Three-dimensional Drawings.
Copyright (c) Susan Laflin. August 1999.
When a three-dimensional object is represented by a two-dimensional drawing, various techniques may be used to indicate depth. We shall think initially of wire-frame drawings, but many of the same ideas can apply to shaded drawings of solid objects.
1. Intensity Cues.
The points or lines closer to the viewpoint appear brighter if drawn on the screen and are drawn with thicker lines when output to the plotter. A shaded drawing on the screen can adjust the intensity, pixel by pixel, giving a result similar to a grey-scale photograph.
2. Hidden-line and hidden-surface removal.
Hidden lines may be removed or indicated with dotted lines, thus leading to an easier understanding of the shape. Several algorithms for this problem will be discussed in the appropriate section , as it is of great importance in this area.
3. Kinetic Depth Effect.
Rotation of the object, combined with hidden-line removal gives a very realistic effect. It is probably the best representation, but can only be produced at a special-purpose graphics workstation since it requires considerable computing power to carry out the hidden-line calculations in real time.
4. Perspective Projections.
If we have some means of knowing the relative size of the objects, then the fact that the perspective transformation makes the closer objects appear larger will give a good effect of depth. If the objects are easily recognised then knowledge about their relative sizes (e.g. a hill is usually larger than a house or a tree) will be interpreted as information about their distance from the viewer. It is only when we have a number of objects, such as cubes or spheres, which are completely separate in space and we have no information on their relative size, that the perspective transformation cannot be interpreted by the viewer in this way.
5. Stereographic Projection.
In this case, we have two perspective projections, one for each eye. We need some method of ensuring that each eye sees only its own view and then we can rely on the human brain to merge the views together and let us see a three-dimensional object.

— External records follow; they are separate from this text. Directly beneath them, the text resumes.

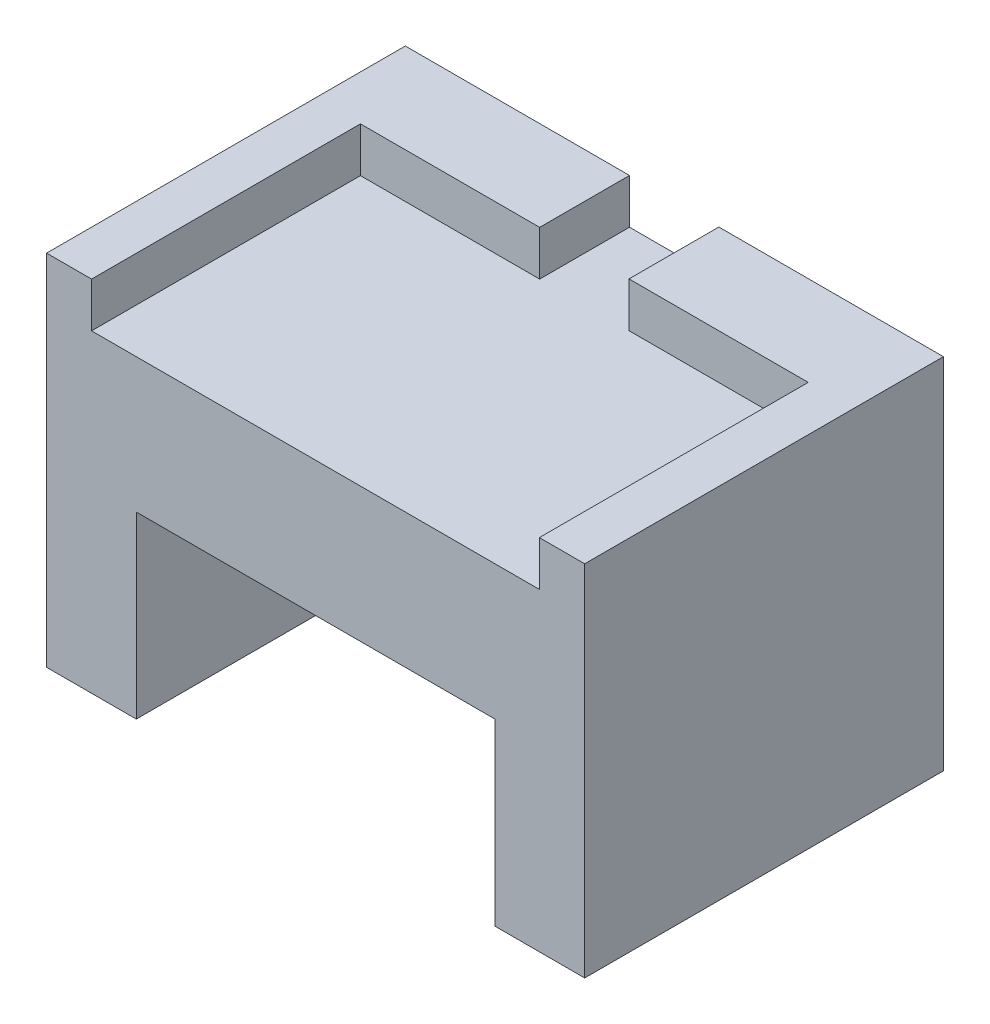
ISO-10303-21;
HEADER;
FILE_DESCRIPTION(('STEP AP214'),'2;1');
FILE_NAME('part.step','',(''),(''),'','','');
FILE_SCHEMA(('AUTOMOTIVE_DESIGN { 1 0 10303 214 1 1 1 1 }'));
ENDSEC;
DATA;
#1=APPLICATION_CONTEXT('core data for automotive mechanical design processes');
#2=APPLICATION_PROTOCOL_DEFINITION('international standard','automotive_design',2000,#1);
#3=PRODUCT_CONTEXT('',#1,'mechanical');
#4=PRODUCT('Part','Part','',(#3));
#5=PRODUCT_RELATED_PRODUCT_CATEGORY('part','',(#4));
#6=PRODUCT_DEFINITION_FORMATION('','',#4);
#7=PRODUCT_DEFINITION_CONTEXT('part definition',#1,'design');
#8=PRODUCT_DEFINITION('design','',#6,#7);
#9=PRODUCT_DEFINITION_SHAPE('','',#8);
#10=(LENGTH_UNIT() NAMED_UNIT(*) SI_UNIT(.MILLI.,.METRE.));
#11=(NAMED_UNIT(*) PLANE_ANGLE_UNIT() SI_UNIT($,.RADIAN.));
#12=(NAMED_UNIT(*) SI_UNIT($,.STERADIAN.) SOLID_ANGLE_UNIT());
#13=UNCERTAINTY_MEASURE_WITH_UNIT(LENGTH_MEASURE(1.E-05),#10,'distance_accuracy_value','');
#14=(GEOMETRIC_REPRESENTATION_CONTEXT(3) GLOBAL_UNCERTAINTY_ASSIGNED_CONTEXT((#13)) GLOBAL_UNIT_ASSIGNED_CONTEXT((#10,
#11,#12)) REPRESENTATION_CONTEXT('',''));
#15=CARTESIAN_POINT('',(0.,0.,0.));
#16=DIRECTION('',(0.,0.,1.));
#17=DIRECTION('',(1.,0.,0.));
#18=AXIS2_PLACEMENT_3D('',#15,#16,#17);
#19=CARTESIAN_POINT('',(-7.98087431693989,8.50136612021858,50.8));
#20=DIRECTION('',(0.,-1.,0.));
#21=DIRECTION('',(0.,0.,-1.));
#22=AXIS2_PLACEMENT_3D('',#19,#20,#21);
#23=PLANE('',#22);
#24=DIRECTION('',(0.,0.,-1.));
#25=VECTOR('',#24,1.);
#26=CARTESIAN_POINT('',(61.7980056830601,8.50136612021858,0.));
#27=LINE('',#26,#25);
#28=CARTESIAN_POINT('',(61.7980056830601,8.50136612021858,50.8));
#29=VERTEX_POINT('',#28);
#30=CARTESIAN_POINT('',(61.7980056830601,8.50136612021858,12.7254));
#31=VERTEX_POINT('',#30);
#32=EDGE_CURVE('E290',#29,#31,#27,.T.);
#33=ORIENTED_EDGE('',*,*,#32,.F.);
#34=DIRECTION('',(-1.,0.,0.));
#35=VECTOR('',#34,1.);
#36=CARTESIAN_POINT('',(-7.98087431693989,8.50136612021858,50.8));
#37=LINE('',#36,#35);
#38=CARTESIAN_POINT('',(68.2191256830601,8.50136612021858,50.8));
#39=VERTEX_POINT('',#38);
#40=EDGE_CURVE('E180',#39,#29,#37,.T.);
#41=ORIENTED_EDGE('',*,*,#40,.F.);
#42=DIRECTION('',(0.,0.,-1.));
#43=VECTOR('',#42,1.);
#44=CARTESIAN_POINT('',(68.2191256830601,8.50136612021858,50.8));
#45=LINE('',#44,#43);
#46=CARTESIAN_POINT('',(68.2191256830601,8.50136612021858,0.));
#47=VERTEX_POINT('',#46);
#48=EDGE_CURVE('E243',#39,#47,#45,.T.);
#49=ORIENTED_EDGE('',*,*,#48,.T.);
#50=DIRECTION('',(-1.,0.,0.));
#51=VECTOR('',#50,1.);
#52=CARTESIAN_POINT('',(-7.98087431693989,8.50136612021858,0.));
#53=LINE('',#52,#51);
#54=CARTESIAN_POINT('',(36.4183256830601,8.50136612021858,0.));
#55=VERTEX_POINT('',#54);
#56=EDGE_CURVE('E228',#47,#55,#53,.T.);
#57=ORIENTED_EDGE('',*,*,#56,.T.);
#58=DIRECTION('',(0.,0.,-1.));
#59=VECTOR('',#58,1.);
#60=CARTESIAN_POINT('',(36.4183256830601,8.50136612021858,0.));
#61=LINE('',#60,#59);
#62=CARTESIAN_POINT('',(36.4183256830601,8.50136612021858,12.7254));
#63=VERTEX_POINT('',#62);
#64=EDGE_CURVE('E291',#63,#55,#61,.T.);
#65=ORIENTED_EDGE('',*,*,#64,.F.);
#66=DIRECTION('',(1.,0.,0.));
#67=VECTOR('',#66,1.);
#68=CARTESIAN_POINT('',(0.,8.50136612021858,12.7254));
#69=LINE('',#68,#67);
#70=EDGE_CURVE('E293',#63,#31,#69,.T.);
#71=ORIENTED_EDGE('',*,*,#70,.T.);
#72=EDGE_LOOP('',(#33,#41,#49,#57,#65,#71));
#73=FACE_BOUND('',#72,.T.);
#74=ADVANCED_FACE('F39',(#73),#23,.F.);
#75=CARTESIAN_POINT('',(0.,0.,50.8));
#76=DIRECTION('',(0.,0.,1.));
#77=DIRECTION('',(1.,0.,0.));
#78=AXIS2_PLACEMENT_3D('',#75,#76,#77);
#79=PLANE('',#78);
#80=DIRECTION('',(1.,0.,0.));
#81=VECTOR('',#80,1.);
#82=CARTESIAN_POINT('',(0.,2.15136612021858,50.8));
#83=LINE('',#82,#81);
#84=CARTESIAN_POINT('',(-1.61055431693989,2.15136612021858,50.8));
#85=VERTEX_POINT('',#84);
#86=CARTESIAN_POINT('',(61.7980056830601,2.15136612021858,50.8));
#87=VERTEX_POINT('',#86);
#88=EDGE_CURVE('E161',#85,#87,#83,.T.);
#89=ORIENTED_EDGE('',*,*,#88,.F.);
#90=DIRECTION('',(0.,1.,0.));
#91=VECTOR('',#90,1.);
#92=CARTESIAN_POINT('',(-1.61055431693989,2.15136612021858,50.8));
#93=LINE('',#92,#91);
#94=CARTESIAN_POINT('',(-1.61055431693989,8.50136612021858,50.8));
#95=VERTEX_POINT('',#94);
#96=EDGE_CURVE('E209',#85,#95,#93,.T.);
#97=ORIENTED_EDGE('',*,*,#96,.T.);
#98=CARTESIAN_POINT('',(-7.98087431693989,8.50136612021858,50.8));
#99=VERTEX_POINT('',#98);
#100=EDGE_CURVE('E229',#95,#99,#37,.T.);
#101=ORIENTED_EDGE('',*,*,#100,.T.);
#102=DIRECTION('',(0.,-1.,0.));
#103=VECTOR('',#102,1.);
#104=CARTESIAN_POINT('',(-7.98087431693989,8.50136612021858,50.8));
#105=LINE('',#104,#103);
#106=CARTESIAN_POINT('',(-7.98087431693989,-42.2986338797814,50.8));
#107=VERTEX_POINT('',#106);
#108=EDGE_CURVE('E225',#99,#107,#105,.T.);
#109=ORIENTED_EDGE('',*,*,#108,.T.);
#110=DIRECTION('',(-1.,0.,0.));
#111=VECTOR('',#110,1.);
#112=CARTESIAN_POINT('',(-7.98087431693989,-42.2986338797814,50.8));
#113=LINE('',#112,#111);
#114=CARTESIAN_POINT('',(4.71912568306012,-42.2986338797814,50.8));
#115=VERTEX_POINT('',#114);
#116=EDGE_CURVE('E194',#115,#107,#113,.T.);
#117=ORIENTED_EDGE('',*,*,#116,.F.);
#118=DIRECTION('',(0.,1.,0.));
#119=VECTOR('',#118,1.);
#120=CARTESIAN_POINT('',(4.71912568306012,-42.2986338797814,50.8));
#121=LINE('',#120,#119);
#122=CARTESIAN_POINT('',(4.71912568306012,-16.8986338797814,50.8));
#123=VERTEX_POINT('',#122);
#124=EDGE_CURVE('E196',#115,#123,#121,.T.);
#125=ORIENTED_EDGE('',*,*,#124,.T.);
#126=DIRECTION('',(1.,0.,0.));
#127=VECTOR('',#126,1.);
#128=CARTESIAN_POINT('',(-7.98087431693989,-16.8986338797814,50.8));
#129=LINE('',#128,#127);
#130=CARTESIAN_POINT('',(55.5191256830601,-16.8986338797814,50.8));
#131=VERTEX_POINT('',#130);
#132=EDGE_CURVE('E223',#123,#131,#129,.T.);
#133=ORIENTED_EDGE('',*,*,#132,.T.);
#134=DIRECTION('',(0.,1.,0.));
#135=VECTOR('',#134,1.);
#136=CARTESIAN_POINT('',(55.5191256830601,-42.2986338797814,50.8));
#137=LINE('',#136,#135);
#138=CARTESIAN_POINT('',(55.5191256830601,-42.2986338797814,50.8));
#139=VERTEX_POINT('',#138);
#140=EDGE_CURVE('E203',#139,#131,#137,.T.);
#141=ORIENTED_EDGE('',*,*,#140,.F.);
#142=DIRECTION('',(-1.,0.,0.));
#143=VECTOR('',#142,1.);
#144=CARTESIAN_POINT('',(68.2191256830601,-42.2986338797814,50.8));
#145=LINE('',#144,#143);
#146=CARTESIAN_POINT('',(68.2191256830601,-42.2986338797814,50.8));
#147=VERTEX_POINT('',#146);
#148=EDGE_CURVE('E218',#147,#139,#145,.T.);
#149=ORIENTED_EDGE('',*,*,#148,.F.);
#150=DIRECTION('',(0.,1.,0.));
#151=VECTOR('',#150,1.);
#152=CARTESIAN_POINT('',(68.2191256830601,8.50136612021858,50.8));
#153=LINE('',#152,#151);
#154=EDGE_CURVE('E226',#147,#39,#153,.T.);
#155=ORIENTED_EDGE('',*,*,#154,.T.);
#156=ORIENTED_EDGE('',*,*,#40,.T.);
#157=DIRECTION('',(0.,1.,0.));
#158=VECTOR('',#157,1.);
#159=CARTESIAN_POINT('',(61.7980056830601,2.15136612021858,50.8));
#160=LINE('',#159,#158);
#161=EDGE_CURVE('E156',#87,#29,#160,.T.);
#162=ORIENTED_EDGE('',*,*,#161,.F.);
#163=EDGE_LOOP('',(#89,#97,#101,#109,#117,#125,#133,#141,#149,#155,#156,#162));
#164=FACE_BOUND('',#163,.T.);
#165=ADVANCED_FACE('F174',(#164),#79,.T.);
#166=CARTESIAN_POINT('',(-7.98087431693989,-16.8986338797814,50.8));
#167=DIRECTION('',(0.,1.,0.));
#168=DIRECTION('',(0.,0.,1.));
#169=AXIS2_PLACEMENT_3D('',#166,#167,#168);
#170=PLANE('',#169);
#171=DIRECTION('',(0.,0.,1.));
#172=VECTOR('',#171,1.);
#173=CARTESIAN_POINT('',(4.71912568306012,-16.8986338797814,50.8));
#174=LINE('',#173,#172);
#175=CARTESIAN_POINT('',(4.71912568306011,-16.8986338797814,0.));
#176=VERTEX_POINT('',#175);
#177=EDGE_CURVE('E186',#176,#123,#174,.T.);
#178=ORIENTED_EDGE('',*,*,#177,.F.);
#179=DIRECTION('',(1.,0.,0.));
#180=VECTOR('',#179,1.);
#181=CARTESIAN_POINT('',(-7.98087431693989,-16.8986338797814,0.));
#182=LINE('',#181,#180);
#183=CARTESIAN_POINT('',(55.5191256830601,-16.8986338797814,0.));
#184=VERTEX_POINT('',#183);
#185=EDGE_CURVE('E234',#176,#184,#182,.T.);
#186=ORIENTED_EDGE('',*,*,#185,.T.);
#187=DIRECTION('',(0.,0.,-1.));
#188=VECTOR('',#187,1.);
#189=CARTESIAN_POINT('',(55.5191256830601,-16.8986338797814,50.8));
#190=LINE('',#189,#188);
#191=EDGE_CURVE('E65',#131,#184,#190,.T.);
#192=ORIENTED_EDGE('',*,*,#191,.F.);
#193=ORIENTED_EDGE('',*,*,#132,.F.);
#194=EDGE_LOOP('',(#178,#186,#192,#193));
#195=FACE_BOUND('',#194,.T.);
#196=ADVANCED_FACE('F273',(#195),#170,.F.);
#197=CARTESIAN_POINT('',(-7.98087431693989,8.50136612021858,50.8));
#198=DIRECTION('',(1.,0.,0.));
#199=DIRECTION('',(0.,1.,0.));
#200=AXIS2_PLACEMENT_3D('',#197,#198,#199);
#201=PLANE('',#200);
#202=DIRECTION('',(0.,-1.,0.));
#203=VECTOR('',#202,1.);
#204=CARTESIAN_POINT('',(-7.98087431693989,8.50136612021858,0.));
#205=LINE('',#204,#203);
#206=CARTESIAN_POINT('',(-7.98087431693989,8.50136612021858,0.));
#207=VERTEX_POINT('',#206);
#208=CARTESIAN_POINT('',(-7.98087431693989,-42.2986338797814,0.));
#209=VERTEX_POINT('',#208);
#210=EDGE_CURVE('E201',#207,#209,#205,.T.);
#211=ORIENTED_EDGE('',*,*,#210,.T.);
#212=DIRECTION('',(0.,0.,-1.));
#213=VECTOR('',#212,1.);
#214=CARTESIAN_POINT('',(-7.98087431693989,-42.2986338797814,50.8));
#215=LINE('',#214,#213);
#216=EDGE_CURVE('E184',#107,#209,#215,.T.);
#217=ORIENTED_EDGE('',*,*,#216,.F.);
#218=ORIENTED_EDGE('',*,*,#108,.F.);
#219=DIRECTION('',(0.,0.,-1.));
#220=VECTOR('',#219,1.);
#221=CARTESIAN_POINT('',(-7.98087431693989,8.50136612021858,50.8));
#222=LINE('',#221,#220);
#223=EDGE_CURVE('E235',#99,#207,#222,.T.);
#224=ORIENTED_EDGE('',*,*,#223,.T.);
#225=EDGE_LOOP('',(#211,#217,#218,#224));
#226=FACE_BOUND('',#225,.T.);
#227=ADVANCED_FACE('F41',(#226),#201,.F.);
#228=CARTESIAN_POINT('',(68.2191256830601,8.50136612021858,50.8));
#229=DIRECTION('',(-1.,0.,0.));
#230=DIRECTION('',(0.,0.,1.));
#231=AXIS2_PLACEMENT_3D('',#228,#229,#230);
#232=PLANE('',#231);
#233=DIRECTION('',(0.,1.,0.));
#234=VECTOR('',#233,1.);
#235=CARTESIAN_POINT('',(68.2191256830601,8.50136612021858,0.));
#236=LINE('',#235,#234);
#237=CARTESIAN_POINT('',(68.2191256830601,-42.2986338797814,0.));
#238=VERTEX_POINT('',#237);
#239=EDGE_CURVE('E236',#238,#47,#236,.T.);
#240=ORIENTED_EDGE('',*,*,#239,.T.);
#241=ORIENTED_EDGE('',*,*,#48,.F.);
#242=ORIENTED_EDGE('',*,*,#154,.F.);
#243=DIRECTION('',(0.,0.,1.));
#244=VECTOR('',#243,1.);
#245=CARTESIAN_POINT('',(68.2191256830601,-42.2986338797814,50.8));
#246=LINE('',#245,#244);
#247=EDGE_CURVE('E211',#238,#147,#246,.T.);
#248=ORIENTED_EDGE('',*,*,#247,.F.);
#249=EDGE_LOOP('',(#240,#241,#242,#248));
#250=FACE_BOUND('',#249,.T.);
#251=ADVANCED_FACE('F283',(#250),#232,.F.);
#252=CARTESIAN_POINT('',(-1.61055431693989,8.50136612021858,12.7254));
#253=VERTEX_POINT('',#252);
#254=CARTESIAN_POINT('',(23.7691256830601,8.50136612021858,12.7254));
#255=VERTEX_POINT('',#254);
#256=EDGE_CURVE('E294',#253,#255,#69,.T.);
#257=ORIENTED_EDGE('',*,*,#256,.T.);
#258=DIRECTION('',(0.,0.,-1.));
#259=VECTOR('',#258,1.);
#260=CARTESIAN_POINT('',(23.7691256830601,8.50136612021858,0.));
#261=LINE('',#260,#259);
#262=CARTESIAN_POINT('',(23.7691256830601,8.50136612021858,0.));
#263=VERTEX_POINT('',#262);
#264=EDGE_CURVE('E299',#255,#263,#261,.T.);
#265=ORIENTED_EDGE('',*,*,#264,.T.);
#266=EDGE_CURVE('E238',#263,#207,#53,.T.);
#267=ORIENTED_EDGE('',*,*,#266,.T.);
#268=ORIENTED_EDGE('',*,*,#223,.F.);
#269=ORIENTED_EDGE('',*,*,#100,.F.);
#270=DIRECTION('',(0.,0.,-1.));
#271=VECTOR('',#270,1.);
#272=CARTESIAN_POINT('',(-1.61055431693989,8.50136612021858,0.));
#273=LINE('',#272,#271);
#274=EDGE_CURVE('E175',#95,#253,#273,.T.);
#275=ORIENTED_EDGE('',*,*,#274,.T.);
#276=EDGE_LOOP('',(#257,#265,#267,#268,#269,#275));
#277=FACE_BOUND('',#276,.T.);
#278=ADVANCED_FACE('F331',(#277),#23,.F.);
#279=CARTESIAN_POINT('',(0.,0.,0.));
#280=DIRECTION('',(0.,0.,1.));
#281=DIRECTION('',(1.,0.,0.));
#282=AXIS2_PLACEMENT_3D('',#279,#280,#281);
#283=PLANE('',#282);
#284=DIRECTION('',(-1.,0.,0.));
#285=VECTOR('',#284,1.);
#286=CARTESIAN_POINT('',(0.,2.15136612021858,0.));
#287=LINE('',#286,#285);
#288=CARTESIAN_POINT('',(36.4183256830601,2.15136612021858,0.));
#289=VERTEX_POINT('',#288);
#290=CARTESIAN_POINT('',(23.7691256830601,2.15136612021858,0.));
#291=VERTEX_POINT('',#290);
#292=EDGE_CURVE('E319',#289,#291,#287,.T.);
#293=ORIENTED_EDGE('',*,*,#292,.F.);
#294=DIRECTION('',(0.,1.,0.));
#295=VECTOR('',#294,1.);
#296=CARTESIAN_POINT('',(36.4183256830601,2.15136612021858,0.));
#297=LINE('',#296,#295);
#298=EDGE_CURVE('E311',#289,#55,#297,.T.);
#299=ORIENTED_EDGE('',*,*,#298,.T.);
#300=ORIENTED_EDGE('',*,*,#56,.F.);
#301=ORIENTED_EDGE('',*,*,#239,.F.);
#302=DIRECTION('',(1.,0.,0.));
#303=VECTOR('',#302,1.);
#304=CARTESIAN_POINT('',(68.2191256830601,-42.2986338797814,0.));
#305=LINE('',#304,#303);
#306=CARTESIAN_POINT('',(55.5191256830601,-42.2986338797814,0.));
#307=VERTEX_POINT('',#306);
#308=EDGE_CURVE('E215',#307,#238,#305,.T.);
#309=ORIENTED_EDGE('',*,*,#308,.F.);
#310=DIRECTION('',(0.,1.,0.));
#311=VECTOR('',#310,1.);
#312=CARTESIAN_POINT('',(55.5191256830601,-42.2986338797814,0.));
#313=LINE('',#312,#311);
#314=EDGE_CURVE('E206',#307,#184,#313,.T.);
#315=ORIENTED_EDGE('',*,*,#314,.T.);
#316=ORIENTED_EDGE('',*,*,#185,.F.);
#317=DIRECTION('',(0.,1.,0.));
#318=VECTOR('',#317,1.);
#319=CARTESIAN_POINT('',(4.71912568306011,-42.2986338797814,0.));
#320=LINE('',#319,#318);
#321=CARTESIAN_POINT('',(4.71912568306011,-42.2986338797814,0.));
#322=VERTEX_POINT('',#321);
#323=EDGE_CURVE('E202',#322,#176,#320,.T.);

One method is to produce separate views at the correct distance and scale for use with a stereographic viewer. This allows for black-and-white or colour drawings to be seen in their true colour.
The other method is necessarily polychrome. It requires two perspective projections, one from each eye position. Let us assume the view for the left eye is drawn in one colour (e.g.blue) and the view for the right eye is drawn in another colour (e.g. red).
Each eye must see only its own view. So if the view from the left eye is drawn in blue, and the right eye views the drawings through a blue filter then the blue lines will be invisible to the right eye since they will blend into the white background when viewed through a blue filter.
Similarly if the drawing for the right eye is in red, and the left eye has a filter of the same colour, then the drawing for the right eye will be invisible to the left eye.
In the figure, the eyes are assumed to be distance 2e apart (usually about 3 inches) and the plane onto which the pictures are projected is distance d from the eyes (frequently 12 to 15 inches). So for the left eye, we need to move the axes a distance e in the x-direction and then project onto the plane, and finally shift the drawing back again. Thus the projection for the left eye means that the point (x,y,z) becomes the point ((x+e)*d/z - e, y*d/z, 0).
For the right eye, the axes must be moved a distance -e and then the point (x,y,z) is projected onto the plane and becomes ((x-e)*d/z + e, y*d/z , 0)
When this has been done for all the vertices, they are joined up and the object is drawn in the appropriate colours.